ただし、リフトの施行経験が豊富な業者は決して多くありません。ご自身が住んでいる地域でなくとも、興味のあるメーカーを取り扱っている業者や施工経験豊富な業者があれば、積極的に相談してみましょう。
地域によっては、施工業者が1社しかないことや施工業者での取り扱いメーカーが1種類しかない場合もあるため、そういった事情を理解したうえでいくつかの業者に相談してみるとよいかもしれません。
筆者が実際に相談した施工業者は、施工経験豊富と言われるウェルネット研究所とシーホネンスでした。実際に施工をお願いしたのは地域に事務所のある別の業者でしたが、両社とも様々なご経験をもとに親身になってアドバイスをくださいました。
日本ノーリフト協会
「日本ノーリフト協会」は、医療や介護の現場で福祉機器の活用を推進する医療従事者有志の団体です。介護やケアについて、フラットな立場からのアドバイスが期待できます。現在は主に医療者向けの研修などに力を入れているようですが、個人からの相談も受け付けています。
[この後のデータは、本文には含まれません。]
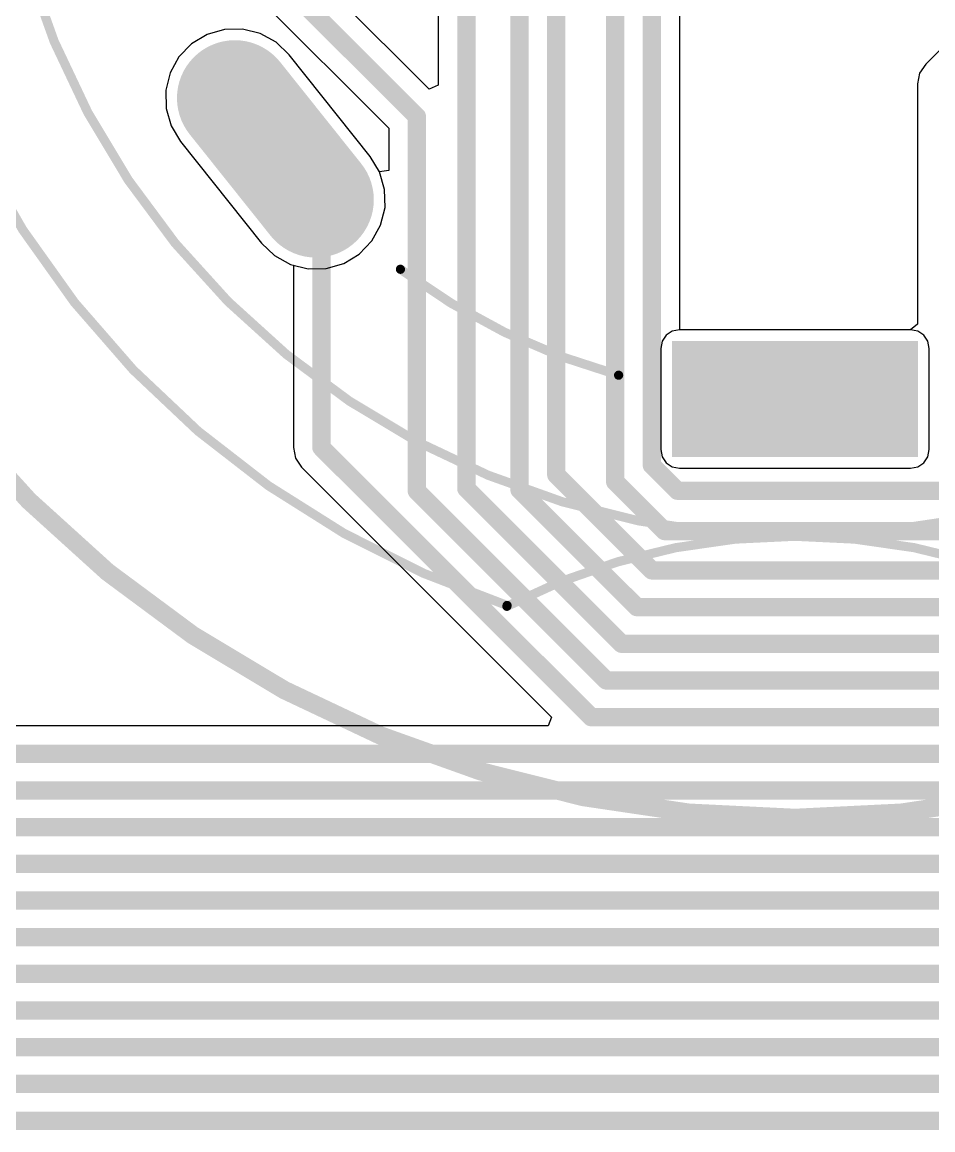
# Model space of a CAD drawing. Header units: millimetres. Extents: x 0.99 to 9.85, y 0.8 to 4.18.
# Drawn here: x 4.26 to 4.756, y 2.307 to 2.91 of the extents above; entities that cross this region are included whole.
import ezdxf

# ---------------------------------------------------------------- set-up
doc = ezdxf.new("R2010")
doc.units = ezdxf.units.MM
doc.header["$MEASUREMENT"] = 0
for name, color, linetype in [('BottomLayer', 5, 'Continuous'), ('BottomSolder', 6, 'Continuous'), ('MultiLayer', 9, 'Continuous'), ('PadHoleLayer', 156, 'Continuous'), ('TopLayer', 1, 'Continuous'), ('TopOverlay', 2, 'Continuous'), ('TopSolder', 216, 'Continuous')]:
    doc.layers.add(name, color=color, linetype=linetype)

# ---------------------------------------------------------------- blocks, each defined once
blk = doc.blocks.new('QS30_1_98')
at = {"layer": 'BottomLayer', "const_width": 0.05512}
blk.add_lwpolyline([(-0.30528, -0.19813), (-0.26109, -0.25353)], dxfattribs=at)
at = {"layer": 'BottomLayer', "const_width": 0.02756}
for points in [[(-0.31905, -0.19813, 1), (-0.2915, -0.19813, 1)], [(-0.27487, -0.25353, 1), (-0.24731, -0.25353, 1)]]:
    blk.add_lwpolyline(points, format="xyb", close=True, dxfattribs=at)
at = {"layer": 'BottomLayer'}
blk.add_solid([(-0.06299, -0.38976), (0.06299, -0.38976), (-0.06299, -0.33465), (0.06299, -0.33465)], dxfattribs=at)
at = {"layer": 'BottomSolder', "const_width": 0.06312}
blk.add_lwpolyline([(-0.30528, -0.19813), (-0.26109, -0.25353)], dxfattribs=at)
at = {"layer": 'BottomSolder', "const_width": 0.03156}
for points in [[(-0.32105, -0.19813, 1), (-0.2895, -0.19813, 1)], [(-0.27687, -0.25353, 1), (-0.24531, -0.25353, 1)]]:
    blk.add_lwpolyline(points, format="xyb", close=True, dxfattribs=at)
at = {"layer": 'BottomSolder'}
blk.add_solid([(-0.06699, -0.39376), (0.06699, -0.39376), (-0.06699, -0.33065), (0.06699, -0.33065)], dxfattribs=at)
at = {"layer": 'MultiLayer', "const_width": 0.05512}
blk.add_lwpolyline([(-0.30528, -0.19813), (-0.26109, -0.25353)], dxfattribs=at)
at = {"layer": 'MultiLayer', "const_width": 0.02756}
for points in [[(-0.31905, -0.19813, 1), (-0.2915, -0.19813, 1)], [(-0.27487, -0.25353, 1), (-0.24731, -0.25353, 1)]]:
    blk.add_lwpolyline(points, format="xyb", close=True, dxfattribs=at)
at = {"layer": 'MultiLayer'}
blk.add_solid([(-0.06299, -0.38976), (0.06299, -0.38976), (-0.06299, -0.33465), (0.06299, -0.33465)], dxfattribs=at)
at = {"layer": 'PadHoleLayer', "const_width": 0.00787}
for points in [[(-0.2691, -0.26244), (-0.31574, -0.20395, -1), (-0.29727, -0.18922), (-0.25063, -0.24771, -1)], [(-0.0374, -0.35039), (0.0374, -0.35039, -1), (0.0374, -0.37402), (-0.0374, -0.37402, -1)]]:
    blk.add_lwpolyline(points, format="xyb", close=True, dxfattribs=at)
at = {"layer": 'TopLayer', "const_width": 0.05512}
blk.add_lwpolyline([(-0.30528, -0.19813), (-0.26109, -0.25353)], dxfattribs=at)
at = {"layer": 'TopLayer', "const_width": 0.02756}
for points in [[(-0.31905, -0.19813, 1), (-0.2915, -0.19813, 1)], [(-0.27487, -0.25353, 1), (-0.24731, -0.25353, 1)]]:
    blk.add_lwpolyline(points, format="xyb", close=True, dxfattribs=at)
at = {"layer": 'TopLayer'}
blk.add_solid([(-0.06299, -0.38976), (0.06299, -0.38976), (-0.06299, -0.33465), (0.06299, -0.33465)], dxfattribs=at)
at = {"layer": 'TopOverlay'}
for points, const_width in [([(0.59055, 0, 1), (-0.59055, 0, 1)], 0.01), ([(0.43701, 0, 1), (-0.43701, 0, 1)], 0.005), ([(-0.21629, -0.29146, 1), (-0.21379, -0.29146, 1)], 0.0025), ([(-0.09738, -0.34921, 1), (-0.09488, -0.34921, 1)], 0.0025), ([(-0.15826, -0.47519, 1), (-0.15576, -0.47519, 1)], 0.0025), ([(-0.15817, -0.47474, 1), (-0.15567, -0.47474, 1)], 0.0025)]:
    blk.add_lwpolyline(points, format="xyb", close=True, dxfattribs=dict(at, const_width=const_width))
at = {"layer": 'TopOverlay', "const_width": 0.005}
for points in [[(-0.15692, -0.47474, -6.211314), (0.15694, -0.47473)], [(-0.09613, -0.34921, -0.092015), (-0.21504, -0.29146)], [(-0.15701, -0.47519, -0.243188), (0.15701, -0.47519)]]:
    blk.add_lwpolyline(points, format="xyb", dxfattribs=at)
at = {"layer": 'TopSolder', "const_width": 0.06312}
blk.add_lwpolyline([(-0.30528, -0.19813), (-0.26109, -0.25353)], dxfattribs=at)
at = {"layer": 'TopSolder', "const_width": 0.03156}
for points in [[(-0.32105, -0.19813, 1), (-0.2895, -0.19813, 1)], [(-0.27687, -0.25353, 1), (-0.24531, -0.25353, 1)]]:
    blk.add_lwpolyline(points, format="xyb", close=True, dxfattribs=at)
at = {"layer": 'TopSolder'}
blk.add_solid([(-0.06699, -0.39376), (0.06699, -0.39376), (-0.06699, -0.33065), (0.06699, -0.33065)], dxfattribs=at)

msp = doc.modelspace()

# ---------------------------------------------------------------- linework, layer by layer
at = {"layer": 'BottomLayer'}
for p, q in [((4.37018, 2.90651), (4.36068, 2.90377)), ((4.38007, 2.90669), (4.37018, 2.90651)), ((4.38967, 2.90431), (4.38007, 2.90669)), ((4.35221, 2.89866), (4.34535, 2.89154)), ((4.36068, 2.90377), (4.35221, 2.89866)), ((4.39832, 2.89953), (4.38967, 2.90431)), ((4.40545, 2.89266), (4.39832, 2.89953)), ((4.44963, 2.83726), (4.40545, 2.89266)), ((4.34535, 2.89154), (4.34056, 2.88289)), ((4.34056, 2.88289), (4.33818, 2.87329)), ((4.33818, 2.87329), (4.33837, 2.8634)), ((4.33837, 2.8634), (4.3411, 2.8539)), ((4.3411, 2.8539), (4.34621, 2.84543)), ((4.34621, 2.84543), (4.39039, 2.79002)), ((4.45473, 2.82879), (4.44963, 2.83726)), ((4.45747, 2.81929), (4.45473, 2.82879)), ((4.45766, 2.8094), (4.45747, 2.81929)), ((4.45528, 2.7998), (4.45766, 2.8094)), ((4.45049, 2.79114), (4.45528, 2.7998)), ((4.39039, 2.79002), (4.39752, 2.78316)), ((4.44363, 2.78402), (4.45049, 2.79114)), ((4.43516, 2.77892), (4.44363, 2.78402)), ((4.39752, 2.78316), (4.40617, 2.77838)), ((4.40617, 2.77838), (4.41577, 2.77599)), ((4.42566, 2.77618), (4.43516, 2.77892)), ((4.41577, 2.77599), (4.42566, 2.77618)), ((4.61421, 2.74195), (4.6109, 2.73974)), ((4.61811, 2.74272), (4.61421, 2.74195)), ((4.74409, 2.74272), (4.61811, 2.74272)), ((4.748, 2.74195), (4.74409, 2.74272)), ((4.7513, 2.73974), (4.748, 2.74195)), ((4.60869, 2.73643), (4.60791, 2.73253)), ((4.6109, 2.73974), (4.60869, 2.73643)), ((4.75351, 2.73643), (4.7513, 2.73974)), ((4.75429, 2.73253), (4.75351, 2.73643)), ((4.60791, 2.73253), (4.60791, 2.67741)), ((4.75429, 2.67741), (4.75429, 2.73253)), ((4.60791, 2.67741), (4.60869, 2.67351)), ((4.75351, 2.67351), (4.75429, 2.67741)), ((4.60869, 2.67351), (4.6109, 2.6702)), ((4.6109, 2.6702), (4.61421, 2.66799)), ((4.748, 2.66799), (4.7513, 2.6702)), ((4.7513, 2.6702), (4.75351, 2.67351)), ((4.61421, 2.66799), (4.61811, 2.66721)), ((4.61811, 2.66721), (4.74409, 2.66721)), ((4.74409, 2.66721), (4.748, 2.66799))]:
    msp.add_line(p, q, dxfattribs=at)
at = {"layer": 'TopLayer'}
for p, q in [((4.99857, 3.13374), (4.75236, 2.88754)), ((4.48171, 2.87392), (4.36618, 2.98945)), ((4.48671, 2.96742), (4.48671, 2.87599)), ((4.37498, 2.93739), (4.45971, 2.85267)), ((4.6184, 2.74272), (4.6184, 2.92549)), ((4.37018, 2.90651), (4.36068, 2.90377)), ((4.38007, 2.90669), (4.37018, 2.90651)), ((4.38967, 2.90431), (4.38007, 2.90669)), ((4.35221, 2.89866), (4.34535, 2.89154)), ((4.36068, 2.90377), (4.35221, 2.89866)), ((4.39832, 2.89953), (4.38967, 2.90431)), ((4.40545, 2.89266), (4.39832, 2.89953)), ((4.44963, 2.83726), (4.40545, 2.89266)), ((4.34535, 2.89154), (4.34056, 2.88289)), ((4.75236, 2.88754), (4.74905, 2.88258)), ((4.34056, 2.88289), (4.33818, 2.87329)), ((4.74905, 2.88258), (4.74788, 2.87672)), ((4.48671, 2.87599), (4.48171, 2.87392)), ((4.74788, 2.87672), (4.74788, 2.74583)), ((4.33818, 2.87329), (4.33837, 2.8634)), ((4.33837, 2.8634), (4.3411, 2.8539)), ((4.3411, 2.8539), (4.34621, 2.84543)), ((4.45971, 2.85267), (4.45971, 2.82959)), ((4.34621, 2.84543), (4.39039, 2.79002)), ((4.45473, 2.82879), (4.44963, 2.83726)), ((4.45971, 2.82959), (4.45473, 2.82879)), ((4.39039, 2.79002), (4.39752, 2.78316)), ((4.39752, 2.78316), (4.40617, 2.77838)), ((4.40617, 2.77838), (4.40771, 2.77799)), ((4.40771, 2.77799), (4.40771, 2.67858)), ((4.74409, 2.74272), (4.6184, 2.74272)), ((4.74788, 2.74583), (4.74409, 2.74272)), ((4.40771, 2.67858), (4.40887, 2.67273)), ((4.40887, 2.67273), (4.41219, 2.66776)), ((4.41219, 2.66776), (4.54848, 2.53147)), ((4.54848, 2.53147), (4.54656, 2.52685)), ((4.54656, 2.52685), (3.54778, 2.52685))]:
    msp.add_line(p, q, dxfattribs=at)
at = {"layer": 'TopLayer', "const_width": 0.01}
for points in [[(4.551, 2.66372), (4.551, 3.36646)], [(4.531, 2.65543), (4.531, 3.155)], [(4.58311, 2.65989), (4.58311, 3.13836)], [(4.34742, 2.98658), (4.475, 2.859)], [(4.502, 2.65615), (4.502, 2.97375)], [(4.60311, 2.66889), (4.60311, 2.93183)], [(4.475, 2.65486), (4.475, 2.859)], [(4.39792, 2.84134), (4.423, 2.81626)], [(4.423, 2.67858), (4.423, 2.81626)], [(4.423, 2.67858), (4.57002, 2.53156)], [(4.60311, 2.66889), (4.617, 2.655)], [(4.551, 2.66372), (4.60316, 2.61156)], [(4.58311, 2.65989), (4.61, 2.633)], [(4.475, 2.65486), (4.5783, 2.55156)], [(4.502, 2.65615), (4.58659, 2.57156)], [(4.531, 2.65543), (4.59487, 2.59156)], [(4.617, 2.655), (5.424, 2.655)], [(4.61, 2.633), (5.41428, 2.633)], [(4.60316, 2.61156), (5.40744, 2.61156)], [(4.59487, 2.59156), (5.39544, 2.59156)], [(4.58659, 2.57156), (5.38716, 2.57156)], [(4.5783, 2.55156), (5.37887, 2.55156)], [(4.57002, 2.53156), (5.37059, 2.53156)], [(3.54144, 2.51156), (5.36044, 2.51156)], [(3.53044, 2.49156), (5.34987, 2.49156)], [(3.52144, 2.47156), (5.34159, 2.47156)], [(3.51173, 2.45156), (5.3333, 2.45156)], [(3.50344, 2.43156), (5.32502, 2.43156)], [(3.49101, 2.41156), (5.31674, 2.41156)], [(3.48272, 2.39156), (5.30845, 2.39156)], [(3.47444, 2.37156), (5.30017, 2.37156)], [(3.46344, 2.35156), (5.29188, 2.35156)], [(3.45015, 2.33156), (5.28244, 2.33156)], [(3.44186, 2.31156), (5.27416, 2.31156)]]:
    msp.add_lwpolyline(points, dxfattribs=at)
at = {"layer": 'TopLayer', "const_width": 0.005}
for points in [[(4.4725, 2.859, 1), (4.4775, 2.859, 1)], [(4.4725, 2.859, 1), (4.4775, 2.859, 1)], [(4.39542, 2.84134, 1), (4.40042, 2.84134, 1)], [(4.4205, 2.81626, 1), (4.4255, 2.81626, 1)], [(4.4205, 2.81626, 1), (4.4255, 2.81626, 1)], [(4.4205, 2.67858, 1), (4.4255, 2.67858, 1)], [(4.4205, 2.67858, 1), (4.4255, 2.67858, 1)], [(4.60061, 2.66889, 1), (4.60561, 2.66889, 1)], [(4.60061, 2.66889, 1), (4.60561, 2.66889, 1)], [(4.5485, 2.66372, 1), (4.5535, 2.66372, 1)], [(4.5485, 2.66372, 1), (4.5535, 2.66372, 1)], [(4.58061, 2.65989, 1), (4.58561, 2.65989, 1)], [(4.58061, 2.65989, 1), (4.58561, 2.65989, 1)], [(4.4725, 2.65486, 1), (4.4775, 2.65486, 1)], [(4.4725, 2.65486, 1), (4.4775, 2.65486, 1)], [(4.4995, 2.65615, 1), (4.5045, 2.65615, 1)], [(4.4995, 2.65615, 1), (4.5045, 2.65615, 1)], [(4.5285, 2.65543, 1), (4.5335, 2.65543, 1)], [(4.5285, 2.65543, 1), (4.5335, 2.65543, 1)], [(4.6145, 2.655, 1), (4.6195, 2.655, 1)], [(4.6145, 2.655, 1), (4.6195, 2.655, 1)], [(4.6075, 2.633, 1), (4.6125, 2.633, 1)], [(4.6075, 2.633, 1), (4.6125, 2.633, 1)], [(4.60066, 2.61156, 1), (4.60566, 2.61156, 1)], [(4.60066, 2.61156, 1), (4.60566, 2.61156, 1)], [(4.59237, 2.59156, 1), (4.59737, 2.59156, 1)], [(4.59237, 2.59156, 1), (4.59737, 2.59156, 1)], [(4.58409, 2.57156, 1), (4.58909, 2.57156, 1)], [(4.58409, 2.57156, 1), (4.58909, 2.57156, 1)], [(4.5758, 2.55156, 1), (4.5808, 2.55156, 1)], [(4.5758, 2.55156, 1), (4.5808, 2.55156, 1)], [(4.56752, 2.53156, 1), (4.57252, 2.53156, 1)], [(4.56752, 2.53156, 1), (4.57252, 2.53156, 1)]]:
    msp.add_lwpolyline(points, format="xyb", close=True, dxfattribs=at)

# ---------------------------------------------------------------- block references
msp.add_blockref('QS30_1_98', (4.6811, 3.06717))

doc.saveas('drawing.dxf')

筆者の場合はたまたま知人を通じてこの協会からアドバイスをもらうことができました。直接相談したい場合は、同協会サイトの「お問い合わせ」から連絡すると受け付けてくれます。
専門家に相談しながらリフト導入を考えよう
身体障害児を介助するためのリフトの基本知識とそのメリット、そしてリフト導入にあたっての相談先について解説してきました。リフトは入浴以外にも活用でき、介助者にとっても子どもにとってもメリットが大きいです。
ただ、種類も多くそれぞれの活用ニーズによって適したリフトが異なるため、主治医をはじめご紹介した専門家に相談しながら導入を検討していきましょう。
リフト導入を迷っているご家庭の皆さんの参考になったら嬉しいです。